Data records
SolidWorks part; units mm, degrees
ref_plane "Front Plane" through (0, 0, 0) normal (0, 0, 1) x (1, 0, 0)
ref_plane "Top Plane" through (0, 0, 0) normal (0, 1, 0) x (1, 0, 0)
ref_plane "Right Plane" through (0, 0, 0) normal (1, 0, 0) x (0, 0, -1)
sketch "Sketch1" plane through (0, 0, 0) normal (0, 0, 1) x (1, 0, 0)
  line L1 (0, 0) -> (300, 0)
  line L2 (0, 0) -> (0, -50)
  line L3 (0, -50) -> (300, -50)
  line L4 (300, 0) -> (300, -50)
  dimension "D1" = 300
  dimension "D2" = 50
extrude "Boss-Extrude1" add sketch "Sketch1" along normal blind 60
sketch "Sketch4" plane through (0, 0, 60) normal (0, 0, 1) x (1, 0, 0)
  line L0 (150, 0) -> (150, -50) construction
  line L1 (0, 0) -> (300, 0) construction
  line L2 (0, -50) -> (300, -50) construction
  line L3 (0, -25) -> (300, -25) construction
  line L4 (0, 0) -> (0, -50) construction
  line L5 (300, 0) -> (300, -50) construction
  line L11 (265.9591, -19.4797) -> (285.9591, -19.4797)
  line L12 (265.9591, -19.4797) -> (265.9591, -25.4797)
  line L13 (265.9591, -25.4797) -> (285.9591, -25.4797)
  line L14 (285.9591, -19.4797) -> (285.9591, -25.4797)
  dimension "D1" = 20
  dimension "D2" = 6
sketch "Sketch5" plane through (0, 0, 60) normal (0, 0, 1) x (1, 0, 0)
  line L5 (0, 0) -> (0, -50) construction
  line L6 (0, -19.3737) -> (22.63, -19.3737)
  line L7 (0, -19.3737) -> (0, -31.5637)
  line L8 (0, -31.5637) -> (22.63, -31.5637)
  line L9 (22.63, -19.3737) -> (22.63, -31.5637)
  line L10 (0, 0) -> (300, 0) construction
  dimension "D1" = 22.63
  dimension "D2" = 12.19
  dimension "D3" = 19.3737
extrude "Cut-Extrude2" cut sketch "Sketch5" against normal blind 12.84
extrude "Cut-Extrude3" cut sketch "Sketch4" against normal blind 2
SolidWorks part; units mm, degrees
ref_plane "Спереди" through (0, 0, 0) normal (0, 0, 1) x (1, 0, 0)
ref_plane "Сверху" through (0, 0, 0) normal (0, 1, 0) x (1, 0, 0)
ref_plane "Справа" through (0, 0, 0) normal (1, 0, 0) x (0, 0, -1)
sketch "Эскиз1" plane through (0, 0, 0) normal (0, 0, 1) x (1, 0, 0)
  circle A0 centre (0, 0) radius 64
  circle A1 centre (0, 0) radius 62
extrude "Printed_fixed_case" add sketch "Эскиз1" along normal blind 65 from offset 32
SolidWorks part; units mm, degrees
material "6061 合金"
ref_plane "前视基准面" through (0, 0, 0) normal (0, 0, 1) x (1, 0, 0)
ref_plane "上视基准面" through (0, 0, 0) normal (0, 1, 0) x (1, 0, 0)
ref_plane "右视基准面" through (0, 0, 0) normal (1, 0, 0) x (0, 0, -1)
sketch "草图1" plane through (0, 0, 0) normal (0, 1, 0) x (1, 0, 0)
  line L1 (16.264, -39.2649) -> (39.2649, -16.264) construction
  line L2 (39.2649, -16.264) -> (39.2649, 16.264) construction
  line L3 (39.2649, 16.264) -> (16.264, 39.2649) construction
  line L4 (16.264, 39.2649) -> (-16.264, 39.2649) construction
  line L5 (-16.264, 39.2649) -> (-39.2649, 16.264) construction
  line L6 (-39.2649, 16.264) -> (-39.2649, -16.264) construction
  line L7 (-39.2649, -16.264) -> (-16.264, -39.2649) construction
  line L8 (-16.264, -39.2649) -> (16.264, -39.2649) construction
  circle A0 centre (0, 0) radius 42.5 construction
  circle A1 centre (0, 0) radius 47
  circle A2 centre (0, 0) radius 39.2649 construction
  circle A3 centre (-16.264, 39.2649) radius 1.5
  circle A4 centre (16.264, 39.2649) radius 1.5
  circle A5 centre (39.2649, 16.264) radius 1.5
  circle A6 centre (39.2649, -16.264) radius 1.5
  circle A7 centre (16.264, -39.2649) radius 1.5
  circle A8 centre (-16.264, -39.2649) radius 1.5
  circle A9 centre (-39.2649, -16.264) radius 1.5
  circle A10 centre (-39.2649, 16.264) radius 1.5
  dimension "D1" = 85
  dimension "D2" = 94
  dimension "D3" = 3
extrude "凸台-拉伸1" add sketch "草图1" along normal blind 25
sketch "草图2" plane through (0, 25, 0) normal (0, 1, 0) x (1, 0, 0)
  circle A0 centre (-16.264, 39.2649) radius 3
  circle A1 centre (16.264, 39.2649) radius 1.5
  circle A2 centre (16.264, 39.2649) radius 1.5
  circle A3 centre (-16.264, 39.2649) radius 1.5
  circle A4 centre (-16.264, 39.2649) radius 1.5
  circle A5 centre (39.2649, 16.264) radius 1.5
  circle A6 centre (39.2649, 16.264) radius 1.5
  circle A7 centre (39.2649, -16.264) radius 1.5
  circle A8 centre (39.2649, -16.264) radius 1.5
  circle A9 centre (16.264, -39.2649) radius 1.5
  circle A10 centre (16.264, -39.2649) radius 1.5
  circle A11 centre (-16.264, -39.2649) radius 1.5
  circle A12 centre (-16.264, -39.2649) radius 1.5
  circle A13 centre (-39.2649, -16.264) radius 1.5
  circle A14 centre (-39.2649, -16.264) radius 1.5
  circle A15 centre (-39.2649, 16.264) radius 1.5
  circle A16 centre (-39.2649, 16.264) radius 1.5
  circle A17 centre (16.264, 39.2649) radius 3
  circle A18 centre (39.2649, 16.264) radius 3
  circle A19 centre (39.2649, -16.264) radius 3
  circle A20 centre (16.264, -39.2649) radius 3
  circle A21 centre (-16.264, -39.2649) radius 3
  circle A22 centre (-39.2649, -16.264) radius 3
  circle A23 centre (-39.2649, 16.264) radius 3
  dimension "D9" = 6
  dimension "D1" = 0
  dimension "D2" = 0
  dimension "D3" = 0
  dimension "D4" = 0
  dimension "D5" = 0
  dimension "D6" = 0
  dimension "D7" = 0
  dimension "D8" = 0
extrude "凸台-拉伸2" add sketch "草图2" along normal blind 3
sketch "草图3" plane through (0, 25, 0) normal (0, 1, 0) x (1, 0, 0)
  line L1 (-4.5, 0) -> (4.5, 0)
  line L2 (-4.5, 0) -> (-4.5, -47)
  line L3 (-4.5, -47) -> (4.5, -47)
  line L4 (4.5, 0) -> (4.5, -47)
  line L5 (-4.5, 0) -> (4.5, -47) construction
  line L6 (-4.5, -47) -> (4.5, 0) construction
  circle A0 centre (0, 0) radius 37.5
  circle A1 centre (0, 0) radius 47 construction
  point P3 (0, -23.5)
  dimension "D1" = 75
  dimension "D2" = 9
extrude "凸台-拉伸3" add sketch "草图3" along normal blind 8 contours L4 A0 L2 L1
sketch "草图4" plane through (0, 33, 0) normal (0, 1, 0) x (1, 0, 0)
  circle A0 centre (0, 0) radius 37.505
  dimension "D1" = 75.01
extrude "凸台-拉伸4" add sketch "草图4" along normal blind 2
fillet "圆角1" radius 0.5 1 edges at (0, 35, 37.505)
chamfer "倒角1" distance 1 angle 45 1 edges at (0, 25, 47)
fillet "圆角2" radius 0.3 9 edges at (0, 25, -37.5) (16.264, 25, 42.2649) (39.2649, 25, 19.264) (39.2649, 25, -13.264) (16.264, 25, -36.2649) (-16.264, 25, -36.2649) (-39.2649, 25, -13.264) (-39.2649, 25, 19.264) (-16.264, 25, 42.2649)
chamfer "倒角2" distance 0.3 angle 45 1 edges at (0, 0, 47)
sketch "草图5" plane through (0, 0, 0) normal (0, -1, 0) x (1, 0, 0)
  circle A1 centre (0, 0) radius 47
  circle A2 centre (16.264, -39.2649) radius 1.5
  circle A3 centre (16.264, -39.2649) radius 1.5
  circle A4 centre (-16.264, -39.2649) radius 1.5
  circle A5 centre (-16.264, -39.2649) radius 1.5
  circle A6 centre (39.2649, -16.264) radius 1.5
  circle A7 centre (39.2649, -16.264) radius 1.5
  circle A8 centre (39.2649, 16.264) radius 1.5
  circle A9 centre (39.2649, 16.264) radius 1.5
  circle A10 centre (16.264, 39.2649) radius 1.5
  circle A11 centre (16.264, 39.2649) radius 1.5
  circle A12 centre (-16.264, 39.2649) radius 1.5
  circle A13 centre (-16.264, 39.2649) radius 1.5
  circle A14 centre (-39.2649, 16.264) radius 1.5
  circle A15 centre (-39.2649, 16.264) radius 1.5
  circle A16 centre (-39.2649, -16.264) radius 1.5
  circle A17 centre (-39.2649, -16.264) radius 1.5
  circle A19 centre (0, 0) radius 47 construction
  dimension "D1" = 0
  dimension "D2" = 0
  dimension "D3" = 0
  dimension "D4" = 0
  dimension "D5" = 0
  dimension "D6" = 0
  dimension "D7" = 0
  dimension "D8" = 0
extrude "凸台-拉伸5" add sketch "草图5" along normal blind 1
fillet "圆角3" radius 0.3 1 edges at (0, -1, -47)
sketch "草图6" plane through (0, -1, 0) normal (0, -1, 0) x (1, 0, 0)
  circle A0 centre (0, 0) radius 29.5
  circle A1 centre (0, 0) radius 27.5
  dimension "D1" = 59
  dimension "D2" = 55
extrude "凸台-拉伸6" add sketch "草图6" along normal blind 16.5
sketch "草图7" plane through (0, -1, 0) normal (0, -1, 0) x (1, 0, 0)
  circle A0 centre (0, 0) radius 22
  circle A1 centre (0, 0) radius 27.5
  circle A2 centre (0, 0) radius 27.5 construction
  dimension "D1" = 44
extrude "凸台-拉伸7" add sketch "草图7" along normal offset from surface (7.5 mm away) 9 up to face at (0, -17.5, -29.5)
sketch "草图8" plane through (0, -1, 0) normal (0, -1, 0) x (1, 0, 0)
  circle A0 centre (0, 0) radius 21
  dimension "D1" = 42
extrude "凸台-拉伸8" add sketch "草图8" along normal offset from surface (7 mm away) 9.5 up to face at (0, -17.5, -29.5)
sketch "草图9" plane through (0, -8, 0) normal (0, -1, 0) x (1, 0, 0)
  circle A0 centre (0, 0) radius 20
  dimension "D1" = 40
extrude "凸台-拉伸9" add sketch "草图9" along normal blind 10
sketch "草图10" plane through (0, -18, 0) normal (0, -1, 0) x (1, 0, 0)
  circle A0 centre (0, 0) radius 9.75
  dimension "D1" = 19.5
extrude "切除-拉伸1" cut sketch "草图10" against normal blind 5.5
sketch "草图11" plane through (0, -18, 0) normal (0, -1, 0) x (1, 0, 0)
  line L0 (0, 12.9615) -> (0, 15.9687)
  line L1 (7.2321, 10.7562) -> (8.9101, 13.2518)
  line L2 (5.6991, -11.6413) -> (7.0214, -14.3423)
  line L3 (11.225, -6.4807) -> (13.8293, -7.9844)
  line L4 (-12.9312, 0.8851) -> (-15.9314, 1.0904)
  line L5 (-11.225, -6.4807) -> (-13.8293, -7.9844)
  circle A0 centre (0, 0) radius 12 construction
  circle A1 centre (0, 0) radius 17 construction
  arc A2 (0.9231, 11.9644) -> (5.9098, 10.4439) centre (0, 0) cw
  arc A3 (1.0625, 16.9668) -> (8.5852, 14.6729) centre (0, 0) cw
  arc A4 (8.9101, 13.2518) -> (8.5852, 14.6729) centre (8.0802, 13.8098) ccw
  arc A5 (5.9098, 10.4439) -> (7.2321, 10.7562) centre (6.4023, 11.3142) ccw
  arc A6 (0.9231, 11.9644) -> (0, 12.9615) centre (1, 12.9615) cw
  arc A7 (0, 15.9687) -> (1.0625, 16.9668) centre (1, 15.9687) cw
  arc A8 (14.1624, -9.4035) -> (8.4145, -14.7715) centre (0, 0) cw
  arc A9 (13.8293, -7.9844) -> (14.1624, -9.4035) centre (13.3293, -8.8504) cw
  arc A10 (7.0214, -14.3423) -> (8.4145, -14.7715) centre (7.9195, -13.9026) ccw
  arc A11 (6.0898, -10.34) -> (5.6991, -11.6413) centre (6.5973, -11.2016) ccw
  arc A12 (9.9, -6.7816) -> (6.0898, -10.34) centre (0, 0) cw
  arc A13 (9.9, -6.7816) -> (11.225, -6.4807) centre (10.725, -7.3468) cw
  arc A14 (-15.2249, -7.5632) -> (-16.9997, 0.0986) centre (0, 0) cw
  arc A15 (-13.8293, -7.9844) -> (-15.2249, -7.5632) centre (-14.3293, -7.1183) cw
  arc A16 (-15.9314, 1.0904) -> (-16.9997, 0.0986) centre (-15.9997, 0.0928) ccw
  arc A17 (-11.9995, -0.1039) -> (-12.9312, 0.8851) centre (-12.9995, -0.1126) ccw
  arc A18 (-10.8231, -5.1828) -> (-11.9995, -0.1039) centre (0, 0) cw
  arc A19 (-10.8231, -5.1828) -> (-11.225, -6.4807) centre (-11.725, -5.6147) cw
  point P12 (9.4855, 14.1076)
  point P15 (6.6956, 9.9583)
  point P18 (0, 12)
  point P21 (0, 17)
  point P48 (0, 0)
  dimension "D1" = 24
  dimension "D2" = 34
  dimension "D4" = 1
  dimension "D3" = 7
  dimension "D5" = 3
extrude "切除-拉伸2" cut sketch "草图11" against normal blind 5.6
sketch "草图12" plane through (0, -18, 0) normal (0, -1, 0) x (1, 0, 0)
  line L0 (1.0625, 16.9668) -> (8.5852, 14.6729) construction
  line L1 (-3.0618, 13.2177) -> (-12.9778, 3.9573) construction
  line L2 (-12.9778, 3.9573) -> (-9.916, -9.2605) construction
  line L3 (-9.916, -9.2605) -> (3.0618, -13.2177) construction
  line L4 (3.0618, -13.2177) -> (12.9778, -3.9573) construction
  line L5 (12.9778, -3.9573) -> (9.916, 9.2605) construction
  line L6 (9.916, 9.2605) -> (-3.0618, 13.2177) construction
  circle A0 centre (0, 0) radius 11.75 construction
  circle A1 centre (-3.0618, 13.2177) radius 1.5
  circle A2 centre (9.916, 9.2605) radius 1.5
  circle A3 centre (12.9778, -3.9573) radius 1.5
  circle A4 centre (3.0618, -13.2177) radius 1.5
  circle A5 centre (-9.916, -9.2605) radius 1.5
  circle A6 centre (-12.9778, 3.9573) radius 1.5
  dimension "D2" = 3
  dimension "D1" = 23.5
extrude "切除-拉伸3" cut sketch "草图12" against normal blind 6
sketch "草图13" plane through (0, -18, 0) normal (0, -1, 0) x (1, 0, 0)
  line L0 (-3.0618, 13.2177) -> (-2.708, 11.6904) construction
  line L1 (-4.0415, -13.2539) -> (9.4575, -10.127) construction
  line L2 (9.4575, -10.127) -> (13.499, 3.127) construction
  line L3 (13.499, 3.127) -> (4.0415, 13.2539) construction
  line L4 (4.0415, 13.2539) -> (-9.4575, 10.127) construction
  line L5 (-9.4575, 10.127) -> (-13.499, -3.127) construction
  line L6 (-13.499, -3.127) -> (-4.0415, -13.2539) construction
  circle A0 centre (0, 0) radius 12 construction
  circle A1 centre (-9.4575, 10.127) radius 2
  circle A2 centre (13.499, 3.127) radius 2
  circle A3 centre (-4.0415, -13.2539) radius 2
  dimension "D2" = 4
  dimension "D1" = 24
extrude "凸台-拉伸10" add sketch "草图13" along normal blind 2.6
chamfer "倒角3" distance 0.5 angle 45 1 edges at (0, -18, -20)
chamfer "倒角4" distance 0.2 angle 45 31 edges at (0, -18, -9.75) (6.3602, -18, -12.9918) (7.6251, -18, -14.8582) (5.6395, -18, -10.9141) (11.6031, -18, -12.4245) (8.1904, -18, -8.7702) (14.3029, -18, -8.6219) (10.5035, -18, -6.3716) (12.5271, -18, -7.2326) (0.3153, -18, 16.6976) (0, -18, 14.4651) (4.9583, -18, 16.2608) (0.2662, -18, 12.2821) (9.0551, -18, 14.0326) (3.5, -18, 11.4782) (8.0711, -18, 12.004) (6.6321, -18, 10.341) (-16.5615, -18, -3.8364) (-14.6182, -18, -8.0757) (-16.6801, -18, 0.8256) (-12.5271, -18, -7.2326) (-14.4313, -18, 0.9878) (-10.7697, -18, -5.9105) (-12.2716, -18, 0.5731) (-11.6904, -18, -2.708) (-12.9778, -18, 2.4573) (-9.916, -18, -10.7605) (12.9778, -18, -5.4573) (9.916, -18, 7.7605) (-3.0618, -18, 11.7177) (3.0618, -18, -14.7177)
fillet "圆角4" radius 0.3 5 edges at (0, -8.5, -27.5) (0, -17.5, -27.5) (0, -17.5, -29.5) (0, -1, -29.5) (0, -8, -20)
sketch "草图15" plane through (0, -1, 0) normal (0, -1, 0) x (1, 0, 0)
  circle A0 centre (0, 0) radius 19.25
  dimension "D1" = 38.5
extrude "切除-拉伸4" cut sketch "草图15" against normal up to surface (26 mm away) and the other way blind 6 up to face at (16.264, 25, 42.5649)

- [EXERCISE DETAILS]
All that is wanted is an exact copy of the lines above from the one with "line L2 (0, -50) -> (300, -50) construction" through the one with "circle A0 centre (0, 0) radius 42.5", with both ends included.

- [ANSWER BELOW]
  line L2 (0, -50) -> (300, -50) construction
  line L3 (0, -25) -> (300, -25) construction
  line L4 (0, 0) -> (0, -50) construction
  line L5 (300, 0) -> (300, -50) construction
  line L11 (265.9591, -19.4797) -> (285.9591, -19.4797)
  line L12 (265.9591, -19.4797) -> (265.9591, -25.4797)
  line L13 (265.9591, -25.4797) -> (285.9591, -25.4797)
  line L14 (285.9591, -19.4797) -> (285.9591, -25.4797)
  dimension "D1" = 20
  dimension "D2" = 6
sketch "Sketch5" plane through (0, 0, 60) normal (0, 0, 1) x (1, 0, 0)
  line L5 (0, 0) -> (0, -50) construction
  line L6 (0, -19.3737) -> (22.63, -19.3737)
  line L7 (0, -19.3737) -> (0, -31.5637)
  line L8 (0, -31.5637) -> (22.63, -31.5637)
  line L9 (22.63, -19.3737) -> (22.63, -31.5637)
  line L10 (0, 0) -> (300, 0) construction
  dimension "D1" = 22.63
  dimension "D2" = 12.19
  dimension "D3" = 19.3737
extrude "Cut-Extrude2" cut sketch "Sketch5" against normal blind 12.84
extrude "Cut-Extrude3" cut sketch "Sketch4" against normal blind 2
SolidWorks part; units mm, degrees
ref_plane "Спереди" through (0, 0, 0) normal (0, 0, 1) x (1, 0, 0)
ref_plane "Сверху" through (0, 0, 0) normal (0, 1, 0) x (1, 0, 0)
ref_plane "Справа" through (0, 0, 0) normal (1, 0, 0) x (0, 0, -1)
sketch "Эскиз1" plane through (0, 0, 0) normal (0, 0, 1) x (1, 0, 0)
  circle A0 centre (0, 0) radius 64
  circle A1 centre (0, 0) radius 62
extrude "Printed_fixed_case" add sketch "Эскиз1" along normal blind 65 from offset 32
SolidWorks part; units mm, degrees
material "6061 合金"
ref_plane "前视基准面" through (0, 0, 0) normal (0, 0, 1) x (1, 0, 0)
ref_plane "上视基准面" through (0, 0, 0) normal (0, 1, 0) x (1, 0, 0)
ref_plane "右视基准面" through (0, 0, 0) normal (1, 0, 0) x (0, 0, -1)
sketch "草图1" plane through (0, 0, 0) normal (0, 1, 0) x (1, 0, 0)
  line L1 (16.264, -39.2649) -> (39.2649, -16.264) construction
  line L2 (39.2649, -16.264) -> (39.2649, 16.264) construction
  line L3 (39.2649, 16.264) -> (16.264, 39.2649) construction
  line L4 (16.264, 39.2649) -> (-16.264, 39.2649) construction
  line L5 (-16.264, 39.2649) -> (-39.2649, 16.264) construction
  line L6 (-39.2649, 16.264) -> (-39.2649, -16.264) construction
  line L7 (-39.2649, -16.264) -> (-16.264, -39.2649) construction
  line L8 (-16.264, -39.2649) -> (16.264, -39.2649) construction
  circle A0 centre (0, 0) radius 42.5 construction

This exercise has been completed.